WORK TASK — Your task is to reproduce, verbatim and without pictures, the lines from the opening of the listing through the line containing "#23=PLANE('',#22);".

ENTRIES PROVIDED —
================================

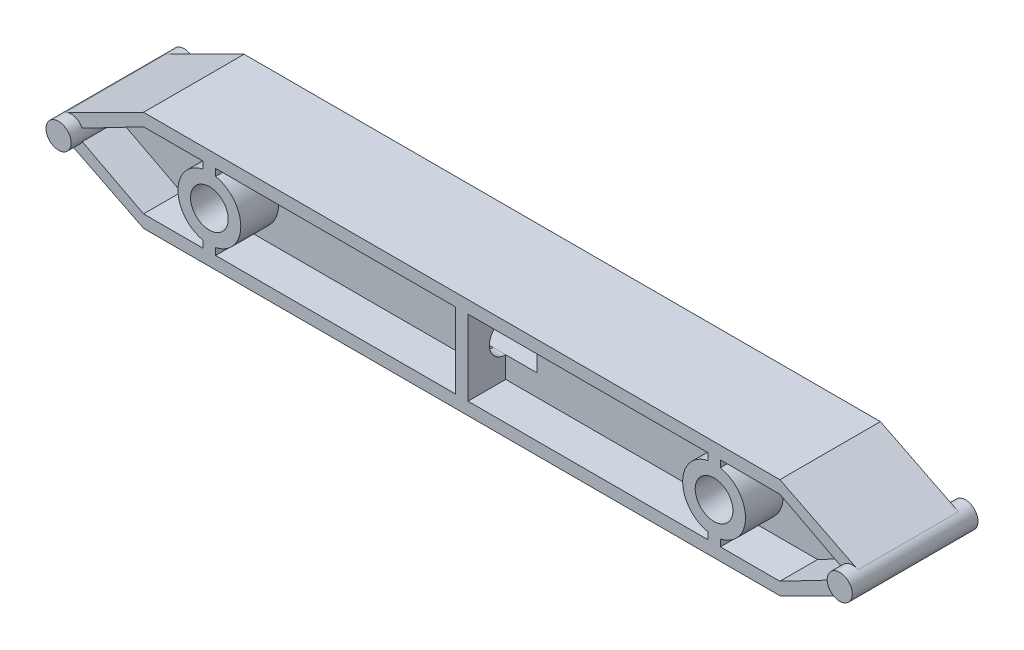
ISO-10303-21;
HEADER;
FILE_DESCRIPTION(('STEP AP214'),'2;1');
FILE_NAME('part.step','',(''),(''),'','','');
FILE_SCHEMA(('AUTOMOTIVE_DESIGN { 1 0 10303 214 1 1 1 1 }'));
ENDSEC;
DATA;
#1=APPLICATION_CONTEXT('core data for automotive mechanical design processes');
#2=APPLICATION_PROTOCOL_DEFINITION('international standard','automotive_design',2000,#1);
#3=PRODUCT_CONTEXT('',#1,'mechanical');
#4=PRODUCT('Part','Part','',(#3));
#5=PRODUCT_RELATED_PRODUCT_CATEGORY('part','',(#4));
#6=PRODUCT_DEFINITION_FORMATION('','',#4);
#7=PRODUCT_DEFINITION_CONTEXT('part definition',#1,'design');
#8=PRODUCT_DEFINITION('design','',#6,#7);
#9=PRODUCT_DEFINITION_SHAPE('','',#8);
#10=(LENGTH_UNIT() NAMED_UNIT(*) SI_UNIT(.MILLI.,.METRE.));
#11=(NAMED_UNIT(*) PLANE_ANGLE_UNIT() SI_UNIT($,.RADIAN.));
#12=(NAMED_UNIT(*) SI_UNIT($,.STERADIAN.) SOLID_ANGLE_UNIT());
#13=UNCERTAINTY_MEASURE_WITH_UNIT(LENGTH_MEASURE(1.E-05),#10,'distance_accuracy_value','');
#14=(GEOMETRIC_REPRESENTATION_CONTEXT(3) GLOBAL_UNCERTAINTY_ASSIGNED_CONTEXT((#13)) GLOBAL_UNIT_ASSIGNED_CONTEXT((#10,
#11,#12)) REPRESENTATION_CONTEXT('',''));
#15=CARTESIAN_POINT('',(0.,0.,0.));
#16=DIRECTION('',(0.,0.,1.));
#17=DIRECTION('',(1.,0.,0.));
#18=AXIS2_PLACEMENT_3D('',#15,#16,#17);
#19=CARTESIAN_POINT('',(0.,0.,3.81));
#20=DIRECTION('',(0.,0.,-1.));
#21=DIRECTION('',(-1.,0.,0.));
#22=AXIS2_PLACEMENT_3D('',#19,#20,#21);
#23=PLANE('',#22);
#24=DIRECTION('',(1.,0.,0.));
#25=VECTOR('',#24,1.);
#26=CARTESIAN_POINT('',(0.,-3.81,3.81));
#27=LINE('',#26,#25);
#28=CARTESIAN_POINT('',(-6.1920507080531,-3.81,3.81));
#29=VERTEX_POINT('',#28);
#30=CARTESIAN_POINT('',(-0.177244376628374,-3.81,3.81));
#31=VERTEX_POINT('',#30);
#32=EDGE_CURVE('E723',#29,#31,#27,.T.);
#33=ORIENTED_EDGE('',*,*,#32,.F.);
#34=DIRECTION('',(0.,-1.,0.));
#35=VECTOR('',#34,1.);
#36=CARTESIAN_POINT('',(-6.1920507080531,0.,3.81));
#37=LINE('',#36,#35);
#38=CARTESIAN_POINT('',(-6.1920507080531,-3.11085197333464,3.81));
#39=VERTEX_POINT('',#38);
#40=EDGE_CURVE('E1246',#39,#29,#37,.T.);
#41=ORIENTED_EDGE('',*,*,#40,.F.);
#42=CARTESIAN_POINT('',(-6.8270507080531,0.,3.81));
#43=DIRECTION('',(0.,0.,-1.));
#44=DIRECTION('',(-1.,0.,0.));
#45=AXIS2_PLACEMENT_3D('',#42,#43,#44);
#46=CIRCLE('',#45,3.175);
#47=CARTESIAN_POINT('',(-6.1920507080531,3.11085197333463,3.81));
#48=VERTEX_POINT('',#47);
#49=EDGE_CURVE('E482',#48,#39,#46,.T.);
#50=ORIENTED_EDGE('',*,*,#49,.F.);
#51=DIRECTION('',(0.,-1.,0.));
#52=VECTOR('',#51,1.);
#53=CARTESIAN_POINT('',(-6.1920507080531,0.,3.81));
#54=LINE('',#53,#52);
#55=CARTESIAN_POINT('',(-6.1920507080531,3.81,3.81));
#56=VERTEX_POINT('',#55);
#57=EDGE_CURVE('E478',#56,#48,#54,.T.);
#58=ORIENTED_EDGE('',*,*,#57,.F.);
#59=DIRECTION('',(-1.,0.,0.));
#60=VECTOR('',#59,1.);
#61=CARTESIAN_POINT('',(0.,3.81,3.81));
#62=LINE('',#61,#60);
#63=CARTESIAN_POINT('',(-0.177244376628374,3.81,3.81));
#64=VERTEX_POINT('',#63);
#65=EDGE_CURVE('E710',#64,#56,#62,.T.);
#66=ORIENTED_EDGE('',*,*,#65,.F.);
#67=DIRECTION('',(0.91412187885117,-0.405439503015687,0.));
#68=VECTOR('',#67,1.);
#69=CARTESIAN_POINT('',(1.38293082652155,3.11801715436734,3.81));
#70=LINE('',#69,#68);
#71=CARTESIAN_POINT('',(6.29047792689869,0.941378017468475,3.81));
#72=VERTEX_POINT('',#71);
#73=EDGE_CURVE('E713',#64,#72,#70,.T.);
#74=ORIENTED_EDGE('',*,*,#73,.T.);
#75=CARTESIAN_POINT('',(7.14294929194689,0.,3.81));
#76=DIRECTION('',(0.,0.,-1.));
#77=DIRECTION('',(-1.,0.,0.));
#78=AXIS2_PLACEMENT_3D('',#75,#76,#77);
#79=CIRCLE('',#78,1.27000000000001);
#80=CARTESIAN_POINT('',(6.29047792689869,-0.941378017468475,3.81));
#81=VERTEX_POINT('',#80);
#82=EDGE_CURVE('E718',#72,#81,#79,.F.);
#83=ORIENTED_EDGE('',*,*,#82,.T.);
#84=DIRECTION('',(0.91412187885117,0.405439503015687,0.));
#85=VECTOR('',#84,1.);
#86=CARTESIAN_POINT('',(1.38293082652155,-3.11801715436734,3.81));
#87=LINE('',#86,#85);
#88=EDGE_CURVE('E721',#31,#81,#87,.T.);
#89=ORIENTED_EDGE('',*,*,#88,.F.);
#90=EDGE_LOOP('',(#33,#41,#50,#58,#66,#74,#83,#89));
#91=FACE_BOUND('',#90,.T.);
#92=ADVANCED_FACE('F44',(#91),#23,.T.);
#93=CARTESIAN_POINT('',(0.,3.81,3.81));
#94=DIRECTION('',(0.,-1.,0.));
#95=DIRECTION('',(0.,0.,-1.));
#96=AXIS2_PLACEMENT_3D('',#93,#94,#95);
#97=PLANE('',#96);
#98=ORIENTED_EDGE('',*,*,#65,.T.);
#99=DIRECTION('',(0.,0.,1.));
#100=VECTOR('',#99,1.);
#101=CARTESIAN_POINT('',(-6.1920507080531,3.81,0.));
#102=LINE('',#101,#100);
#103=CARTESIAN_POINT('',(-6.1920507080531,3.81,0.));
#104=VERTEX_POINT('',#103);
#105=EDGE_CURVE('E1240',#104,#56,#102,.T.);
#106=ORIENTED_EDGE('',*,*,#105,.F.);
#107=DIRECTION('',(-1.,0.,0.));
#108=VECTOR('',#107,1.);
#109=CARTESIAN_POINT('',(0.,3.81,0.));
#110=LINE('',#109,#108);
#111=CARTESIAN_POINT('',(-0.177244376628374,3.81,0.));
#112=VERTEX_POINT('',#111);
#113=EDGE_CURVE('E737',#112,#104,#110,.T.);
#114=ORIENTED_EDGE('',*,*,#113,.F.);
#115=DIRECTION('',(0.,0.,-1.));
#116=VECTOR('',#115,1.);
#117=CARTESIAN_POINT('',(-0.177244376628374,3.81,3.81));
#118=LINE('',#117,#116);
#119=EDGE_CURVE('E736',#64,#112,#118,.T.);
#120=ORIENTED_EDGE('',*,*,#119,.F.);
#121=EDGE_LOOP('',(#98,#106,#114,#120));
#122=FACE_BOUND('',#121,.T.);
#123=ADVANCED_FACE('F1062',(#122),#97,.T.);
#124=CARTESIAN_POINT('',(0.,-3.81,3.81));
#125=DIRECTION('',(0.,1.,0.));
#126=DIRECTION('',(0.,0.,1.));
#127=AXIS2_PLACEMENT_3D('',#124,#125,#126);
#128=PLANE('',#127);
#129=DIRECTION('',(1.,0.,0.));
#130=VECTOR('',#129,1.);
#131=CARTESIAN_POINT('',(0.,-3.81,0.));
#132=LINE('',#131,#130);
#133=CARTESIAN_POINT('',(-6.1920507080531,-3.81,0.));
#134=VERTEX_POINT('',#133);
#135=CARTESIAN_POINT('',(-0.177244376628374,-3.81,0.));
#136=VERTEX_POINT('',#135);
#137=EDGE_CURVE('E746',#134,#136,#132,.T.);
#138=ORIENTED_EDGE('',*,*,#137,.F.);
#139=DIRECTION('',(0.,0.,1.));
#140=VECTOR('',#139,1.);
#141=CARTESIAN_POINT('',(-6.1920507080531,-3.81,0.));
#142=LINE('',#141,#140);
#143=EDGE_CURVE('E463',#134,#29,#142,.T.);
#144=ORIENTED_EDGE('',*,*,#143,.T.);
#145=ORIENTED_EDGE('',*,*,#32,.T.);
#146=DIRECTION('',(0.,0.,-1.));
#147=VECTOR('',#146,1.);
#148=CARTESIAN_POINT('',(-0.177244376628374,-3.81,3.81));
#149=LINE('',#148,#147);
#150=EDGE_CURVE('E767',#31,#136,#149,.T.);
#151=ORIENTED_EDGE('',*,*,#150,.T.);
#152=EDGE_LOOP('',(#138,#144,#145,#151));
#153=FACE_BOUND('',#152,.T.);
#154=ADVANCED_FACE('F1069',(#153),#128,.T.);
#155=DIRECTION('',(0.,-1.,0.));
#156=VECTOR('',#155,1.);
#157=CARTESIAN_POINT('',(-7.4620507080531,0.,3.81));
#158=LINE('',#157,#156);
#159=CARTESIAN_POINT('',(-7.4620507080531,-3.11085197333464,3.81));
#160=VERTEX_POINT('',#159);
#161=CARTESIAN_POINT('',(-7.4620507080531,-3.81,3.81));
#162=VERTEX_POINT('',#161);
#163=EDGE_CURVE('E1248',#160,#162,#158,.T.);
#164=ORIENTED_EDGE('',*,*,#163,.T.);
#165=CARTESIAN_POINT('',(-57.1883737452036,-3.81,3.81));
#166=VERTEX_POINT('',#165);
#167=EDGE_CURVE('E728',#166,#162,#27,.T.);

================================

COMPLETED EXERCISE —
ISO-10303-21;
HEADER;
FILE_DESCRIPTION(('STEP AP214'),'2;1');
FILE_NAME('part.step','',(''),(''),'','','');
FILE_SCHEMA(('AUTOMOTIVE_DESIGN { 1 0 10303 214 1 1 1 1 }'));
ENDSEC;
DATA;
#1=APPLICATION_CONTEXT('core data for automotive mechanical design processes');
#2=APPLICATION_PROTOCOL_DEFINITION('international standard','automotive_design',2000,#1);
#3=PRODUCT_CONTEXT('',#1,'mechanical');
#4=PRODUCT('Part','Part','',(#3));
#5=PRODUCT_RELATED_PRODUCT_CATEGORY('part','',(#4));
#6=PRODUCT_DEFINITION_FORMATION('','',#4);
#7=PRODUCT_DEFINITION_CONTEXT('part definition',#1,'design');
#8=PRODUCT_DEFINITION('design','',#6,#7);
#9=PRODUCT_DEFINITION_SHAPE('','',#8);
#10=(LENGTH_UNIT() NAMED_UNIT(*) SI_UNIT(.MILLI.,.METRE.));
#11=(NAMED_UNIT(*) PLANE_ANGLE_UNIT() SI_UNIT($,.RADIAN.));
#12=(NAMED_UNIT(*) SI_UNIT($,.STERADIAN.) SOLID_ANGLE_UNIT());
#13=UNCERTAINTY_MEASURE_WITH_UNIT(LENGTH_MEASURE(1.E-05),#10,'distance_accuracy_value','');
#14=(GEOMETRIC_REPRESENTATION_CONTEXT(3) GLOBAL_UNCERTAINTY_ASSIGNED_CONTEXT((#13)) GLOBAL_UNIT_ASSIGNED_CONTEXT((#10,
#11,#12)) REPRESENTATION_CONTEXT('',''));
#15=CARTESIAN_POINT('',(0.,0.,0.));
#16=DIRECTION('',(0.,0.,1.));
#17=DIRECTION('',(1.,0.,0.));
#18=AXIS2_PLACEMENT_3D('',#15,#16,#17);
#19=CARTESIAN_POINT('',(0.,0.,3.81));
#20=DIRECTION('',(0.,0.,-1.));
#21=DIRECTION('',(-1.,0.,0.));
#22=AXIS2_PLACEMENT_3D('',#19,#20,#21);
#23=PLANE('',#22);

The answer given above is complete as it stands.